[Data records]
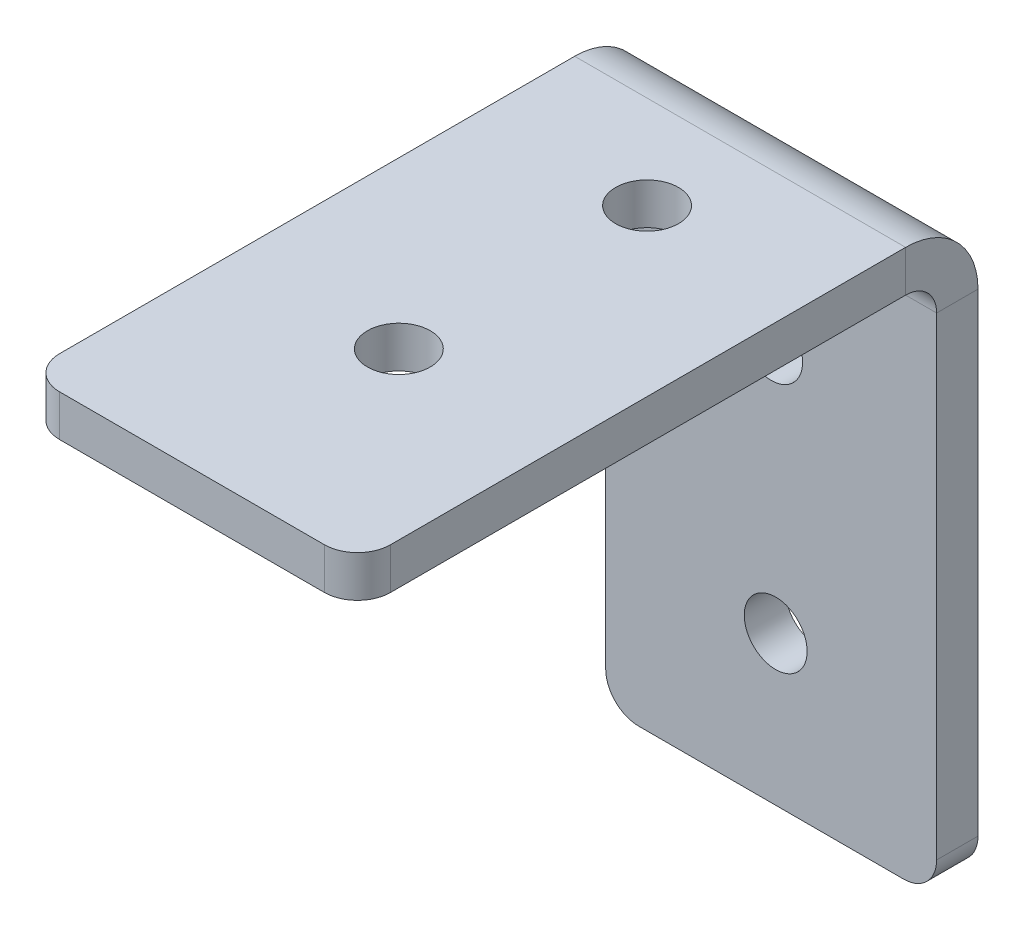
ISO-10303-21;
HEADER;
FILE_DESCRIPTION(('STEP AP214'),'2;1');
FILE_NAME('part.step','',(''),(''),'','','');
FILE_SCHEMA(('AUTOMOTIVE_DESIGN { 1 0 10303 214 1 1 1 1 }'));
ENDSEC;
DATA;
#1=APPLICATION_CONTEXT('core data for automotive mechanical design processes');
#2=APPLICATION_PROTOCOL_DEFINITION('international standard','automotive_design',2000,#1);
#3=PRODUCT_CONTEXT('',#1,'mechanical');
#4=PRODUCT('Part','Part','',(#3));
#5=PRODUCT_RELATED_PRODUCT_CATEGORY('part','',(#4));
#6=PRODUCT_DEFINITION_FORMATION('','',#4);
#7=PRODUCT_DEFINITION_CONTEXT('part definition',#1,'design');
#8=PRODUCT_DEFINITION('design','',#6,#7);
#9=PRODUCT_DEFINITION_SHAPE('','',#8);
#10=(LENGTH_UNIT() NAMED_UNIT(*) SI_UNIT(.MILLI.,.METRE.));
#11=(NAMED_UNIT(*) PLANE_ANGLE_UNIT() SI_UNIT($,.RADIAN.));
#12=(NAMED_UNIT(*) SI_UNIT($,.STERADIAN.) SOLID_ANGLE_UNIT());
#13=UNCERTAINTY_MEASURE_WITH_UNIT(LENGTH_MEASURE(1.E-05),#10,'distance_accuracy_value','');
#14=(GEOMETRIC_REPRESENTATION_CONTEXT(3) GLOBAL_UNCERTAINTY_ASSIGNED_CONTEXT((#13)) GLOBAL_UNIT_ASSIGNED_CONTEXT((#10,
#11,#12)) REPRESENTATION_CONTEXT('',''));
#15=CARTESIAN_POINT('',(0.,0.,0.));
#16=DIRECTION('',(0.,0.,1.));
#17=DIRECTION('',(1.,0.,0.));
#18=AXIS2_PLACEMENT_3D('',#15,#16,#17);
#19=CARTESIAN_POINT('',(12.7,19.05,47.625));
#20=DIRECTION('',(1.,0.,0.));
#21=DIRECTION('',(0.,0.,-1.));
#22=AXIS2_PLACEMENT_3D('',#19,#20,#21);
#23=PLANE('',#22);
#24=DIRECTION('',(0.,-1.,0.));
#25=VECTOR('',#24,1.);
#26=CARTESIAN_POINT('',(12.7,19.05,5.555000066));
#27=LINE('',#26,#25);
#28=CARTESIAN_POINT('',(12.7,22.225,5.555000066));
#29=VERTEX_POINT('',#28);
#30=CARTESIAN_POINT('',(12.7,19.05,5.555000066));
#31=VERTEX_POINT('',#30);
#32=EDGE_CURVE('E11',#29,#31,#27,.T.);
#33=ORIENTED_EDGE('',*,*,#32,.F.);
#34=DIRECTION('',(0.,0.,1.));
#35=VECTOR('',#34,1.);
#36=CARTESIAN_POINT('',(12.7,22.225,47.625));
#37=LINE('',#36,#35);
#38=CARTESIAN_POINT('',(12.7,22.225,45.085));
#39=VERTEX_POINT('',#38);
#40=EDGE_CURVE('E102',#39,#29,#37,.F.);
#41=ORIENTED_EDGE('',*,*,#40,.F.);
#42=DIRECTION('',(0.,-1.,0.));
#43=VECTOR('',#42,1.);
#44=CARTESIAN_POINT('',(12.7,19.05,45.085));
#45=LINE('',#44,#43);
#46=CARTESIAN_POINT('',(12.7,19.05,45.085));
#47=VERTEX_POINT('',#46);
#48=EDGE_CURVE('E50',#39,#47,#45,.T.);
#49=ORIENTED_EDGE('',*,*,#48,.T.);
#50=DIRECTION('',(0.,0.,-1.));
#51=VECTOR('',#50,1.);
#52=CARTESIAN_POINT('',(12.7,19.05,47.625));
#53=LINE('',#52,#51);
#54=EDGE_CURVE('E105',#47,#31,#53,.T.);
#55=ORIENTED_EDGE('',*,*,#54,.T.);
#56=EDGE_LOOP('',(#33,#41,#49,#55));
#57=FACE_BOUND('',#56,.T.);
#58=ADVANCED_FACE('F40',(#57),#23,.T.);
#59=CARTESIAN_POINT('',(10.16,19.05,45.085));
#60=DIRECTION('',(0.,1.,0.));
#61=DIRECTION('',(-1.,0.,0.));
#62=AXIS2_PLACEMENT_3D('',#59,#60,#61);
#63=CYLINDRICAL_SURFACE('',#62,2.54);
#64=ORIENTED_EDGE('',*,*,#48,.F.);
#65=CARTESIAN_POINT('',(10.16,22.225,45.085));
#66=DIRECTION('',(0.,1.,0.));
#67=DIRECTION('',(-1.,0.,0.));
#68=AXIS2_PLACEMENT_3D('',#65,#66,#67);
#69=CIRCLE('',#68,2.54);
#70=CARTESIAN_POINT('',(10.16,22.225,47.625));
#71=VERTEX_POINT('',#70);
#72=EDGE_CURVE('E131',#39,#71,#69,.F.);
#73=ORIENTED_EDGE('',*,*,#72,.T.);
#74=DIRECTION('',(0.,-1.,0.));
#75=VECTOR('',#74,1.);
#76=CARTESIAN_POINT('',(10.16,19.05,47.625));
#77=LINE('',#76,#75);
#78=CARTESIAN_POINT('',(10.16,19.05,47.625));
#79=VERTEX_POINT('',#78);
#80=EDGE_CURVE('E168',#71,#79,#77,.T.);
#81=ORIENTED_EDGE('',*,*,#80,.T.);
#82=CARTESIAN_POINT('',(10.16,19.05,45.085));
#83=DIRECTION('',(0.,1.,0.));
#84=DIRECTION('',(-1.,0.,0.));
#85=AXIS2_PLACEMENT_3D('',#82,#83,#84);
#86=CIRCLE('',#85,2.54);
#87=EDGE_CURVE('E180',#47,#79,#86,.F.);
#88=ORIENTED_EDGE('',*,*,#87,.F.);
#89=EDGE_LOOP('',(#64,#73,#81,#88));
#90=FACE_BOUND('',#89,.T.);
#91=ADVANCED_FACE('F186',(#90),#63,.T.);
#92=CARTESIAN_POINT('',(-12.7,19.05,47.625));
#93=DIRECTION('',(0.,0.,1.));
#94=DIRECTION('',(1.,0.,0.));
#95=AXIS2_PLACEMENT_3D('',#92,#93,#94);
#96=PLANE('',#95);
#97=ORIENTED_EDGE('',*,*,#80,.F.);
#98=DIRECTION('',(-1.,0.,0.));
#99=VECTOR('',#98,1.);
#100=CARTESIAN_POINT('',(-12.7,22.225,47.625));
#101=LINE('',#100,#99);
#102=CARTESIAN_POINT('',(-10.16,22.225,47.625));
#103=VERTEX_POINT('',#102);
#104=EDGE_CURVE('E252',#103,#71,#101,.F.);
#105=ORIENTED_EDGE('',*,*,#104,.F.);
#106=DIRECTION('',(0.,-1.,0.));
#107=VECTOR('',#106,1.);
#108=CARTESIAN_POINT('',(-10.16,19.05,47.625));
#109=LINE('',#108,#107);
#110=CARTESIAN_POINT('',(-10.16,19.05,47.625));
#111=VERTEX_POINT('',#110);
#112=EDGE_CURVE('E165',#103,#111,#109,.T.);
#113=ORIENTED_EDGE('',*,*,#112,.T.);
#114=DIRECTION('',(1.,0.,0.));
#115=VECTOR('',#114,1.);
#116=CARTESIAN_POINT('',(-12.7,19.05,47.625));
#117=LINE('',#116,#115);
#118=EDGE_CURVE('E187',#111,#79,#117,.T.);
#119=ORIENTED_EDGE('',*,*,#118,.T.);
#120=EDGE_LOOP('',(#97,#105,#113,#119));
#121=FACE_BOUND('',#120,.T.);
#122=ADVANCED_FACE('F256',(#121),#96,.T.);
#123=CARTESIAN_POINT('',(-10.16,19.05,45.085));
#124=DIRECTION('',(0.,1.,0.));
#125=DIRECTION('',(-1.,0.,0.));
#126=AXIS2_PLACEMENT_3D('',#123,#124,#125);
#127=CYLINDRICAL_SURFACE('',#126,2.54);
#128=ORIENTED_EDGE('',*,*,#112,.F.);
#129=CARTESIAN_POINT('',(-10.16,22.225,45.085));
#130=DIRECTION('',(0.,1.,0.));
#131=DIRECTION('',(-1.,0.,0.));
#132=AXIS2_PLACEMENT_3D('',#129,#130,#131);
#133=CIRCLE('',#132,2.54);
#134=CARTESIAN_POINT('',(-12.7,22.225,45.085));
#135=VERTEX_POINT('',#134);
#136=EDGE_CURVE('E249',#103,#135,#133,.F.);
#137=ORIENTED_EDGE('',*,*,#136,.T.);
#138=DIRECTION('',(0.,-1.,0.));
#139=VECTOR('',#138,1.);
#140=CARTESIAN_POINT('',(-12.7,19.05,45.085));
#141=LINE('',#140,#139);
#142=CARTESIAN_POINT('',(-12.7,19.05,45.085));
#143=VERTEX_POINT('',#142);
#144=EDGE_CURVE('E162',#135,#143,#141,.T.);
#145=ORIENTED_EDGE('',*,*,#144,.T.);
#146=CARTESIAN_POINT('',(-10.16,19.05,45.085));
#147=DIRECTION('',(0.,1.,0.));
#148=DIRECTION('',(-1.,0.,0.));
#149=AXIS2_PLACEMENT_3D('',#146,#147,#148);
#150=CIRCLE('',#149,2.54);
#151=EDGE_CURVE('E189',#111,#143,#150,.F.);
#152=ORIENTED_EDGE('',*,*,#151,.F.);
#153=EDGE_LOOP('',(#128,#137,#145,#152));
#154=FACE_BOUND('',#153,.T.);
#155=ADVANCED_FACE('F264',(#154),#127,.T.);
#156=CARTESIAN_POINT('',(-12.7,19.05,47.625));
#157=DIRECTION('',(1.,0.,0.));
#158=DIRECTION('',(0.,0.,-1.));
#159=AXIS2_PLACEMENT_3D('',#156,#157,#158);
#160=PLANE('',#159);
#161=ORIENTED_EDGE('',*,*,#144,.F.);
#162=DIRECTION('',(0.,0.,1.));
#163=VECTOR('',#162,1.);
#164=CARTESIAN_POINT('',(-12.7,22.225,47.625));
#165=LINE('',#164,#163);
#166=CARTESIAN_POINT('',(-12.7,22.225,5.555000066));
#167=VERTEX_POINT('',#166);
#168=EDGE_CURVE('E232',#135,#167,#165,.F.);
#169=ORIENTED_EDGE('',*,*,#168,.T.);
#170=DIRECTION('',(0.,-1.,0.));
#171=VECTOR('',#170,1.);
#172=CARTESIAN_POINT('',(-12.7,19.05,5.555000066));
#173=LINE('',#172,#171);
#174=CARTESIAN_POINT('',(-12.7,19.05,5.555000066));
#175=VERTEX_POINT('',#174);
#176=EDGE_CURVE('E159',#167,#175,#173,.T.);
#177=ORIENTED_EDGE('',*,*,#176,.T.);
#178=DIRECTION('',(0.,0.,-1.));
#179=VECTOR('',#178,1.);
#180=CARTESIAN_POINT('',(-12.7,19.05,47.625));
#181=LINE('',#180,#179);
#182=EDGE_CURVE('E195',#143,#175,#181,.T.);
#183=ORIENTED_EDGE('',*,*,#182,.F.);
#184=EDGE_LOOP('',(#161,#169,#177,#183));
#185=FACE_BOUND('',#184,.T.);
#186=ADVANCED_FACE('F268',(#185),#160,.F.);
#187=CARTESIAN_POINT('',(-12.7,16.669999934,5.555000066));
#188=DIRECTION('',(-1.,0.,0.));
#189=DIRECTION('',(0.,0.,1.));
#190=AXIS2_PLACEMENT_3D('',#187,#188,#189);
#191=PLANE('',#190);
#192=ORIENTED_EDGE('',*,*,#176,.F.);
#193=CARTESIAN_POINT('',(-12.7,16.669999934,5.555000066));
#194=DIRECTION('',(-1.,0.,0.));
#195=DIRECTION('',(0.,-1.,0.));
#196=AXIS2_PLACEMENT_3D('',#193,#194,#195);
#197=CIRCLE('',#196,5.555000066);
#198=CARTESIAN_POINT('',(-12.7,16.669999934,0.));
#199=VERTEX_POINT('',#198);
#200=EDGE_CURVE('E120',#167,#199,#197,.T.);
#201=ORIENTED_EDGE('',*,*,#200,.T.);
#202=DIRECTION('',(0.,0.,1.));
#203=VECTOR('',#202,1.);
#204=CARTESIAN_POINT('',(-12.7,16.669999934,3.175));
#205=LINE('',#204,#203);
#206=CARTESIAN_POINT('',(-12.7,16.669999934,3.175));
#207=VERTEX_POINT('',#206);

YOUR GOAL: Beginning at the line that contains "#200=EDGE_CURVE('E120',#167,#199,#197,.T.);" and ending at the last line above, copy each line without any change.

WRITTEN SOLUTION:
#200=EDGE_CURVE('E120',#167,#199,#197,.T.);
#201=ORIENTED_EDGE('',*,*,#200,.T.);
#202=DIRECTION('',(0.,0.,1.));
#203=VECTOR('',#202,1.);
#204=CARTESIAN_POINT('',(-12.7,16.669999934,3.175));
#205=LINE('',#204,#203);
#206=CARTESIAN_POINT('',(-12.7,16.669999934,3.175));
#207=VERTEX_POINT('',#206);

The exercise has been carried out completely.